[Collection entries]
*****

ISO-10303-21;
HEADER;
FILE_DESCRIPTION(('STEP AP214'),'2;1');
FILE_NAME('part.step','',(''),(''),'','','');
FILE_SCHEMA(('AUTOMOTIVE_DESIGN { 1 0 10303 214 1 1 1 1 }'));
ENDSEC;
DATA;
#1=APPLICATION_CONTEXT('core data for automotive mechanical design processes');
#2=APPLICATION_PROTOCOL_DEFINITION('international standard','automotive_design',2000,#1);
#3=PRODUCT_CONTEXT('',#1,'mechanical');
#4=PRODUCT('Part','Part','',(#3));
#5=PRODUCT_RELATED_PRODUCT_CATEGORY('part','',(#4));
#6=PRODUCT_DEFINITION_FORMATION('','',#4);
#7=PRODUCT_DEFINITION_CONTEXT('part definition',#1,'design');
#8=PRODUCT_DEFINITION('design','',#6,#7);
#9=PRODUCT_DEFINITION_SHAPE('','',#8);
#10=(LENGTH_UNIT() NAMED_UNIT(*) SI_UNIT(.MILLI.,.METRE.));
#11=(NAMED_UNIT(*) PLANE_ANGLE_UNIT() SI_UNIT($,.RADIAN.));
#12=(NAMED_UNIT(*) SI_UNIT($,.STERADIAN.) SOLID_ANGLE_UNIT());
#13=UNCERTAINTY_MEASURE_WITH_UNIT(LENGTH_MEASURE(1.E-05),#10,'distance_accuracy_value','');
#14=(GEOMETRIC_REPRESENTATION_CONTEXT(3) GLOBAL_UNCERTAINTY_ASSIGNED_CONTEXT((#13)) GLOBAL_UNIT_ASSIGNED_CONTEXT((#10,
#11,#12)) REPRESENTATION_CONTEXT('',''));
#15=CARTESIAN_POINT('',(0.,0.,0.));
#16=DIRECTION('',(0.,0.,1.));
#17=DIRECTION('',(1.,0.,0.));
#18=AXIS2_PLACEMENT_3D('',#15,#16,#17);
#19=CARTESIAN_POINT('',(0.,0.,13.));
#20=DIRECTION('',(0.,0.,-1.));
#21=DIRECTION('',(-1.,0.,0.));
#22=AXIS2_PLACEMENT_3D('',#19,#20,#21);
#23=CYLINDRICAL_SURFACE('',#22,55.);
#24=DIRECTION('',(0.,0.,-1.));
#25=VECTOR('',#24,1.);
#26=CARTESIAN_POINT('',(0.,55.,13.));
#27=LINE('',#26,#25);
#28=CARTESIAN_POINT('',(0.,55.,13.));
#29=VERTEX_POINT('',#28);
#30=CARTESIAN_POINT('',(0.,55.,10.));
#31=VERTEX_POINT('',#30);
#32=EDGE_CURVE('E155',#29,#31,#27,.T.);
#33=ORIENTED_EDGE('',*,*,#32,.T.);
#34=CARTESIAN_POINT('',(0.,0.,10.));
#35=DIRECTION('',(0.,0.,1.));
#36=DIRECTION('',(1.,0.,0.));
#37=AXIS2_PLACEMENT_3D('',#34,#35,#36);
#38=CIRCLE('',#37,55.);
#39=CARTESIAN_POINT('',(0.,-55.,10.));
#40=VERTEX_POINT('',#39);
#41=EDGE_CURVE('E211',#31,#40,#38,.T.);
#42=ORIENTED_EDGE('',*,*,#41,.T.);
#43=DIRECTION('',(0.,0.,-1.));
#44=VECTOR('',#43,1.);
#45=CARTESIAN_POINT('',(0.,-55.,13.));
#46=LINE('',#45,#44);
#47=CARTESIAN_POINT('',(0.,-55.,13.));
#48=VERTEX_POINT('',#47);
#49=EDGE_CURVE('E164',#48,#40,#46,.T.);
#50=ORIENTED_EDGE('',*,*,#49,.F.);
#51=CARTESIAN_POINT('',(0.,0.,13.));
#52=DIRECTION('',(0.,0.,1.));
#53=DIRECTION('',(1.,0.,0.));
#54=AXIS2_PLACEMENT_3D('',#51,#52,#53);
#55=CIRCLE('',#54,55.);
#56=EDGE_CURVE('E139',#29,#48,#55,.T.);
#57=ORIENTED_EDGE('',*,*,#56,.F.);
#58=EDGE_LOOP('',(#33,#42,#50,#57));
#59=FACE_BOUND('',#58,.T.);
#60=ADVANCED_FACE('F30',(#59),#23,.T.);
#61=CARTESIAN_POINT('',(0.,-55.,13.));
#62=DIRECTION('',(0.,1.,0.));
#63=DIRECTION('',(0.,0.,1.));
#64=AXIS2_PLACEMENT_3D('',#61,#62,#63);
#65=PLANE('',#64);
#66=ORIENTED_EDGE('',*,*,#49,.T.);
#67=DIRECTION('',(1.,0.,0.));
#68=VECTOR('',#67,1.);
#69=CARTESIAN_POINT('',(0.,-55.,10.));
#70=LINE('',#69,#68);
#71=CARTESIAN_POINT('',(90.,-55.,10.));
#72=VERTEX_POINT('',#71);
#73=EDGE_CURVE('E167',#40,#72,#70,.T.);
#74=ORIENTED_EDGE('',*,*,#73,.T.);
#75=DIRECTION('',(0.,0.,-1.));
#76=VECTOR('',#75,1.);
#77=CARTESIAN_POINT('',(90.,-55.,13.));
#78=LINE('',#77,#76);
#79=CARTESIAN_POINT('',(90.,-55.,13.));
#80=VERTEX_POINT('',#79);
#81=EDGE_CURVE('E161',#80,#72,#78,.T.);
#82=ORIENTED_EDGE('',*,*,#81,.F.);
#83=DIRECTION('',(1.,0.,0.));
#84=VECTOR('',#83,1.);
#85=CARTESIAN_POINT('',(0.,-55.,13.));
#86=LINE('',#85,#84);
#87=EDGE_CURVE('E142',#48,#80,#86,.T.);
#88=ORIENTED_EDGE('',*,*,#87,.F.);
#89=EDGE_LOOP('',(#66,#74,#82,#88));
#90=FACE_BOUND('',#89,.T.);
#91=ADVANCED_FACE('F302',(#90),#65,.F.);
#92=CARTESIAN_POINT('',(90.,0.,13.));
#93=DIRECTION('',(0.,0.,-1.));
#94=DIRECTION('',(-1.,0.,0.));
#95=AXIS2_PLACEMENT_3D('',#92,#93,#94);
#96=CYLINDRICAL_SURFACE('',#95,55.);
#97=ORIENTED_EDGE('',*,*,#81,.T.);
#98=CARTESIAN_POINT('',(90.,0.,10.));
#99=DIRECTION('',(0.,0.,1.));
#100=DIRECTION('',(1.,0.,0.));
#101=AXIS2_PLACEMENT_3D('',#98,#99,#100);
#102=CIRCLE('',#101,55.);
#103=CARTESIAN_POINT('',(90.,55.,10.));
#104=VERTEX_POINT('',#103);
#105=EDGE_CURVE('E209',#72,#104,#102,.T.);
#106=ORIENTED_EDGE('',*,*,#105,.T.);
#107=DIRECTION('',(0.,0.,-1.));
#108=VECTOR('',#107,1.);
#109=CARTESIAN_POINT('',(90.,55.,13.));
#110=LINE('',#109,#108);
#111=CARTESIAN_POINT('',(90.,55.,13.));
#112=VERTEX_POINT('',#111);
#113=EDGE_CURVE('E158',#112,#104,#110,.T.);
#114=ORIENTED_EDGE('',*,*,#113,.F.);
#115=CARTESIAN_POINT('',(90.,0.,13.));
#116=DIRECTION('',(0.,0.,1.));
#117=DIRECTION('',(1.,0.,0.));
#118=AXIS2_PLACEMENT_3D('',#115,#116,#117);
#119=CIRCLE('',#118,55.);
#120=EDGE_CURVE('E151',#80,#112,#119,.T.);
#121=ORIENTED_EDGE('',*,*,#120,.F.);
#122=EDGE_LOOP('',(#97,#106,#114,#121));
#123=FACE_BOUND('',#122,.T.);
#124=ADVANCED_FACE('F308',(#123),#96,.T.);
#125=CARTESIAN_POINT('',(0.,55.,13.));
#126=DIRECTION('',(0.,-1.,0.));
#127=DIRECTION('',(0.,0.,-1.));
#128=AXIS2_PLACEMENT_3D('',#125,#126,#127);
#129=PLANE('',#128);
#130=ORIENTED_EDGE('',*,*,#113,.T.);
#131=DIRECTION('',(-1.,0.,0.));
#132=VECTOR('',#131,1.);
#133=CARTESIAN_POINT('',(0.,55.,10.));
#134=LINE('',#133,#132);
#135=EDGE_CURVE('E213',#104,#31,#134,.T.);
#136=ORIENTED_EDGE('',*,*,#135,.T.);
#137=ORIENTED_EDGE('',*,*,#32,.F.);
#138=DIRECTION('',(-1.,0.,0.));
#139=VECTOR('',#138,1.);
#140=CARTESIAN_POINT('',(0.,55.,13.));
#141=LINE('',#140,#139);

*****

### PROMPT
Print only these lines, please. They run from the start of the entries above to the line containing "#9=PRODUCT_DEFINITION_SHAPE('','',#8);", both ends included, and must match exactly.

### SOLVED PROBLEM
ISO-10303-21;
HEADER;
FILE_DESCRIPTION(('STEP AP214'),'2;1');
FILE_NAME('part.step','',(''),(''),'','','');
FILE_SCHEMA(('AUTOMOTIVE_DESIGN { 1 0 10303 214 1 1 1 1 }'));
ENDSEC;
DATA;
#1=APPLICATION_CONTEXT('core data for automotive mechanical design processes');
#2=APPLICATION_PROTOCOL_DEFINITION('international standard','automotive_design',2000,#1);
#3=PRODUCT_CONTEXT('',#1,'mechanical');
#4=PRODUCT('Part','Part','',(#3));
#5=PRODUCT_RELATED_PRODUCT_CATEGORY('part','',(#4));
#6=PRODUCT_DEFINITION_FORMATION('','',#4);
#7=PRODUCT_DEFINITION_CONTEXT('part definition',#1,'design');
#8=PRODUCT_DEFINITION('design','',#6,#7);
#9=PRODUCT_DEFINITION_SHAPE('','',#8);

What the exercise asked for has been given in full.